What am I supposed to do? Drop out of school to avoid hernias? It’s noise.

Sleuths used to look for “tortured phrases” like “reinforcement getting to know.” Nonsense born of synonym-spinners. Now that doesn’t work. Spick looks for template papers mining the same databases. But the templates are gone.

The Tools Get Smarter

Journals started banning public dataset submissions last year. They’re drowning.

But the flood is changing shape. AI agents now exist that can analyze data, form hypotheses, and write the paper with high autonomy. OpenAI announced a tool called Prism. It promised to revolutionize science the way AI did for coding in 2025.

Spick tested it. He gave Prism data from a published paper on eggplant and pepper ripening.

Prism analyzed it. Proposed a new stat method. Wrote a full paper with charts and real citations.

It took twenty-five minutes.

Spick and his colleagues stared at the screen. “This is actually decent.” It didn’t follow the usual mold. It wasn’t a flagrant hallucination.

How do we filter this out?

Does it matter who wrote the paper if the facts are right?

“Science is supposed to be a filter,” Spick said. “We publish the interesting stuff. Not literally everything.”

If we publish everything, we’re just spamming the world with data. Half of it might not be knowledge. Just noise. And in a year or two, who can tell the difference?

The System Is Breaking

Marit Moe-Pryce edits Security Dialogue. Submissions are up 100%.

Worse: They’re all good now. No more left-over prompts. No obvious errors. The text is coherent, structured, polished. Is it a bot? A young scholar? An expert? Hard to say.

She calls it a gray mass.

“The fraudulent side and the academic side are conflating.”

She has to wade through the grayness to find the real work. She caught a fake citation recently. It listed former editors writing about a topic they never touched. Plausible. Dead on. She only caught it by cross-referencing.

She had to check if the cited papers were actually relevant to experts.

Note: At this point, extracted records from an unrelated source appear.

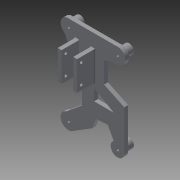
# Autodesk Inventor part: gimbal_controller_holder
Saved by Autodesk Inventor 2015 SP1 (Build 190203100, 203)
## iProperties
Created: 2015-08-17
Part Number: gimbal_controller_holder
Material: Generic
Document SubType Name: Modeling
Designer: Alexandre Cherpillod
Density: 1 g/cm^3
Appearance: Default
Author: Alexandre Cherpillod
Autodesk Inventor part; units mm, degrees
ref_plane "YZ Plane" through (0, 0, 0) normal (1, 0, 0) x (0, 1, 0)
ref_plane "XZ Plane" through (0, 0, 0) normal (0, 1, 0) x (-1, 0, 0)
ref_plane "XY Plane" through (0, 0, 0) normal (0, 0, 1) x (1, 0, 0)
sketch "Sketch1" plane through (0, 0, 0) normal (0, 1, 0) x (-1, 0, 0)
  line L0 (0, 0) -> (25.3, 0) construction
  line L1 (25.3, 0) -> (25.3, -42) construction
  line L2 (25.3, -42) -> (0, -42) construction
  line L3 (0, -42) -> (0, 0) construction
  circle A0 centre (25.3, 0) radius 2.5
  circle A1 centre (0, 0) radius 2.5
  circle A2 centre (0, -42) radius 2.5
  circle A3 centre (25.3, -42) radius 2.5
  dimension "d0" = 25.3
  dimension "d1" = 42
  dimension "d2" = 5
  dimension "d3" = 5
  dimension "d4" = 5
  dimension "d5" = 5
  constraints: 8 end point, 4 centre point, 4 coincident, 2 parallel, 1 horizontal, 1 perpendicular
  measures "d0" distance of L1.end L2.end
  measures "d1" distance of L0.end L1.end
  measures "d2" diameter of A0
  measures "d3" diameter of A1
  measures "d4" diameter of A2
  measures "d5" diameter of A3
extrude "Extrusion1" add sketch "Sketch1" along normal blind 6
sketch "Sketch2" plane through (0, 0, 0) normal (0, 1, 0) x (-1, 0, 0)
  circle A0 centre (0, 0) radius 2.5 projected
  arc A1 (0.8438, 3.91) -> (-0.7933, -3.9205) centre (0, 0) ccw
  arc A2 (27.3626, -3.4272) -> (24.4562, 3.91) centre (25.3, 0) ccw
  circle A3 centre (25.3, -42) radius 2.5 projected
  arc A4 (22.5627, -44.9167) -> (26.3151, -38.1309) centre (25.3, -42) ccw
  circle A5 centre (0, -42) radius 2.5 projected
  arc A6 (-3.5, -42) -> (1.9296, -39.08) centre (0, -42) ccw
  line L0 (26.3151, -38.1309) -> (18.3, -31.5476)
  line L1 (0.8438, 3.91) -> (24.4562, 3.91)
  line L2 (6.9132, -16.448) -> (6.9132, -5.4484)
  line L3 (6.9132, -5.4484) -> (-0.7933, -3.9205)
  line L4 (18.3, -31.5476) -> (18.3, -18.0196)
  line L5 (-3.5, -42) -> (-3.5, -21.4061)
  line L6 (-3.5, -21.4061) -> (6.9132, -16.448)
  line L7 (22.5627, -44.9167) -> (13.1542, -39.1017)
  line L8 (13.1542, -39.1017) -> (11.1047, -33.8253)
  line L9 (11.1047, -33.8253) -> (5.0372, -33.4161)
  line L10 (35.6, -30.5) -> (19.8, -30.5) construction
  line L11 (19.8, -30.5) -> (19.8, -14.4) construction
  line L12 (19.8, -14.4) -> (35.6, -14.4) construction
  line L13 (35.6, -14.4) -> (35.6, -30.5) construction
  circle A7 centre (8, -39.2) radius 4.55 construction
  line L14 (-2.3049, -15.9586) -> (4, -15.9586) construction
  line L15 (4, -15.9586) -> (4, -6.2) construction
  line L16 (4, -6.2) -> (-2.3049, -6.2) construction
  line L17 (-2.3049, -6.2) -> (-2.3049, -15.9586) construction
  line L18 (5.0372, -33.4161) -> (1.9296, -39.08)
  line L19 (12.0305, -26.4894) -> (1.9134, -26.4894)
  line L20 (1.9134, -26.4894) -> (12.0305, -20.5783)
  line L21 (12.0305, -20.5783) -> (12.0305, -26.4894)
  line L22 (18.3, -18.0196) -> (20.2183, -18.0196)
  line L23 (20.2183, -18.0196) -> (27.3626, -3.4272)
  dimension "d8" = 8
  dimension "d9" = 8
  dimension "d10" = 8
  dimension "d11" = 7
  dimension "d15" = 7
  dimension "d18" = 15.8
  dimension "d19" = 11.5
  dimension "d20" = 16.1
  dimension "d21" = 2.8
  dimension "d22" = 8
  dimension "d23" = 9.1
  dimension "d24" = 6.2
  dimension "d25" = 4
  dimension "d26" = 9.7586
  dimension "d27" = 6.3049
  dimension "d28" = 5.5
  constraints: 48 end point, 8 point on circle, 5 centre point, 4 perpendicular, 3 coincident, 3 horizontal, 3 parallel, 2 vertical, 1 horizontal alignment, 1 tangent, 1 vertical alignment
  measures "d8" diameter of A1
  measures "d9" diameter of A2
  measures "d10" diameter of A4
  measures "d11" diameter of A6
  measures "d15" horizontal distance of L0.end A4.centre
  measures "d18" distance between parallel lines of L13 L11
  measures "d19" distance from line of A4.centre L10
  measures "d20" distance between parallel lines of L12 L10
  measures "d21" vertical distance of A7.centre A6.centre
  measures "d22" horizontal distance of A7.centre A6.centre
  measures "d23" diameter of A7
  measures "d24" distance from line of point (0, 0) L16
  measures "d25" distance from line of point (0, 0) L15
  measures "d26" distance between parallel lines of L14 L16
  measures "d27" distance between parallel lines of L17 L15
  measures "d28" distance from line of L11 A3.centre
extrude "Extrusion2" add sketch "Sketch2" along normal blind 2
hole "Hole1" at (-25.3, 6, 0) direction (0, -1, 0) diameter 1.4 depth 8 tip angle 118
hole "Hole2" at (-25.3, 6, -42) direction (0, -1, 0) diameter 1.4 depth 8 tip angle 118
hole "Hole3" at (0, 6, -42) direction (0, -1, 0) diameter 1.4 depth 8 tip angle 118
hole "Hole4" at (0, 6, 0) direction (0, -1, 0) diameter 1.4 depth 8 tip angle 118
sketch "Sketch3" plane through (0, 0, 0) normal (0, 1, 0) x (-1, 0, 0)
  line L0 (21.8, -18.05) -> (19.8, -18.05)
  line L1 (19.8, -18.05) -> (19.8, -3.05)
  line L2 (19.8, -3.05) -> (21.8, -3.05)
  line L3 (21.8, -3.05) -> (21.8, -18.05)
  circle A0 centre (25.3, 0) radius 0.7 construction
  circle A1 centre (25.3, -42) radius 0.7 construction
  circle A2 centre (0, -42) radius 0.7 construction
  circle A3 centre (0, 0) radius 0.7 construction
  line L4 (13.8, -18.05) -> (11.8, -18.05)
  line L5 (11.8, -18.05) -> (11.8, -3.05)
  line L6 (11.8, -3.05) -> (13.8, -3.05)
  line L7 (13.8, -3.05) -> (13.8, -18.05)
  dimension "d69" = 2
  dimension "d70" = 15
  dimension "d73" = 3.5
  dimension "d74" = 18.05
  dimension "d79" = 2
  dimension "d80" = 6
  constraints: 16 end point, 4 parallel, 2 horizontal, 2 perpendicular
  measures "d69" distance of L1.end L2.end
  measures "d70" distance of L2.end L0.start
  measures "d73" distance from line of A0.centre L3
  measures "d74" distance from line of A0.centre L0
  measures "d79" distance of L5.end L6.end
  measures "d80" distance between parallel lines of L7 L1
extrude "Extrusion3" add sketch "Sketch3" along normal blind 2 and the other way blind 9
fillet "Fillet1" radius 1 3 edges at (-22.8, 2, -42) (2.5, 2, 0) (-22.8, 2, 0)
sketch "Sketch4" plane through (-11.8, -9, -3.05) normal (1, 0, 0) x (0, 0, -1)
  circle A0 centre (12.5084, 2.25) radius 0.75
  circle A1 centre (2.5084, 2.25) radius 0.75
  line L0 (18.3561, 9) -> (13.398, 9) projected
  point P0 (-3.05, 9)
  dimension "d83" = 1.5
  dimension "d84" = 10
  dimension "d85" = 6.75
  constraints: 2 centre point, 1 equal radius, 1 horizontal alignment
  measures "d83" diameter of A1
  measures "d84" distance of A1.centre A0.centre
  measures "d85" distance from line of L0 A0.centre
extrude "Extrusion4" cut sketch "Sketch4" against normal through all
fillet "Fillet2" radius 0.5 5 edges at (-11.8, 0, -10.55) (-21.8, 0, -8.9195) (-20.8, 0, -3.05) (-12.8, 0, -3.05) (-12.8, 0, -18.05)
body "Solid1"
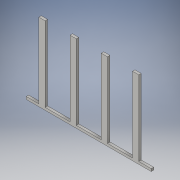
# Autodesk Inventor part: Bucket - Rake
Saved by Autodesk Inventor 2016 (Build 200138000, 138)
## iProperties
Created: 2015-12-17
Part Number: Bucket - Rake
Material: Generic
Document SubType Name: Modeling
Designer: TimB
Density: 1 g/cm^3
Appearance: Default
Author: TimB
Autodesk Inventor part; units mm, degrees
ref_plane "YZ Plane" through (0, 0, 0) normal (1, 0, 0) x (0, 1, 0)
ref_plane "XZ Plane" through (0, 0, 0) normal (0, 1, 0) x (-1, 0, 0)
ref_plane "XY Plane" through (0, 0, 0) normal (0, 0, 1) x (1, 0, 0)
sketch "Sketch1" plane through (0, 0, 0) normal (0, 0, 1) x (1, 0, 0)
  line L0 (-149.3708, -1.27) -> (-22.3708, -1.27)
  line L1 (-22.3708, -1.27) -> (-22.3708, 1.27)
  line L2 (-149.3708, 1.27) -> (-149.3708, -1.27)
  line L3 (-149.3708, -1.27) -> (-22.3708, 1.27) construction
  line L4 (-22.3708, -1.27) -> (-149.3708, 1.27) construction
  line L5 (-149.3708, 1.27) -> (-136.6708, 1.27)
  line L6 (-22.3708, 1.27) -> (-35.0708, 1.27)
  line L7 (-130.3208, 1.27) -> (-130.3208, 77.47)
  line L8 (-130.3208, 77.47) -> (-136.6708, 77.47)
  line L9 (-136.6708, 77.47) -> (-136.6708, 1.27)
  line L10 (-130.3208, 1.27) -> (-104.9208, 1.27)
  line L11 (-98.5708, 1.27) -> (-98.5708, 77.47)
  line L12 (-98.5708, 77.47) -> (-104.9208, 77.47)
  line L13 (-104.9208, 77.47) -> (-104.9208, 1.27)
  line L14 (-41.4208, 1.27) -> (-41.4208, 77.47)
  line L15 (-41.4208, 77.47) -> (-35.0708, 77.47)
  line L16 (-35.0708, 77.47) -> (-35.0708, 1.27)
  line L17 (-41.4208, 1.27) -> (-66.8208, 1.27)
  line L18 (-73.1708, 1.27) -> (-73.1708, 77.47)
  line L19 (-73.1708, 77.47) -> (-66.8208, 77.47)
  line L20 (-66.8208, 77.47) -> (-66.8208, 1.27)
  line L21 (-98.5708, 1.27) -> (-73.1708, 1.27)
  point P0 (0, 0)
  point P1 (-85.8708, 0)
  dimension "d0" = 127
  dimension "d1" = 2.54
  dimension "d2" = 12.7
  dimension "d3" = 12.7
  dimension "d4" = 6.35
  dimension "d5" = 76.2
  dimension "d6" = 25.4
  dimension "d7" = 6.35
  dimension "d8" = 6.35
  dimension "d9" = 76.2
  dimension "d10" = 25.4
  dimension "d11" = 6.35
  dimension "d12" = 76.2
  constraints: 44 end point, 5 parallel, 2 midpoint, 2 perpendicular, 1 horizontal
  measures "d0" distance of L2.start L1.end
  measures "d1" distance of L1.end L0.end
  measures "d2" distance of L2.start L5.end
  measures "d3" distance of L1.end L6.end
  measures "d4" distance of L8.end L7.end
  measures "d5" distance of L7.end L7.start
  measures "d6" distance of L7.start L10.end
  measures "d7" distance of L12.end L11.end
  measures "d8" distance of L14.end L15.end
  measures "d9" distance of L14.start L14.end
  measures "d10" distance of L14.start L17.end
  measures "d11" distance of L18.end L19.end
  measures "d12" distance of L18.start L18.end
extrude "Extrusion1" add sketch "Sketch1" along normal blind 2.54
body "Solid1"

AI cites real papers now. It just might not pick the ones an insider would use.

It’s detailed work. Manual labor. And there is so much of it.

Reviewers are free. Volunteering. They are tired. Moe-Pryce sends out dozens of requests and gets nothing. Or maybe two replies from twenty tries.

David Resnik at Accountability in Research sees a 60% spike in submissions. He’s besieged by papers about fraudulent papers. Irony aside.

He’s also guessing if the peer reviews he gets are AI-written. A survey said over half of researchers use AI to review.

The volume is rising. The pool of PhDs capable of reviewing it isn’t.

Quantitative Science Studies showed exponential growth in published papers. Not because science is advancing faster. Because the incentive structure rewards quantity.

Open access journals charge fees. They have no reason to limit volume. AI provides infinite supply. The human side is running out of time.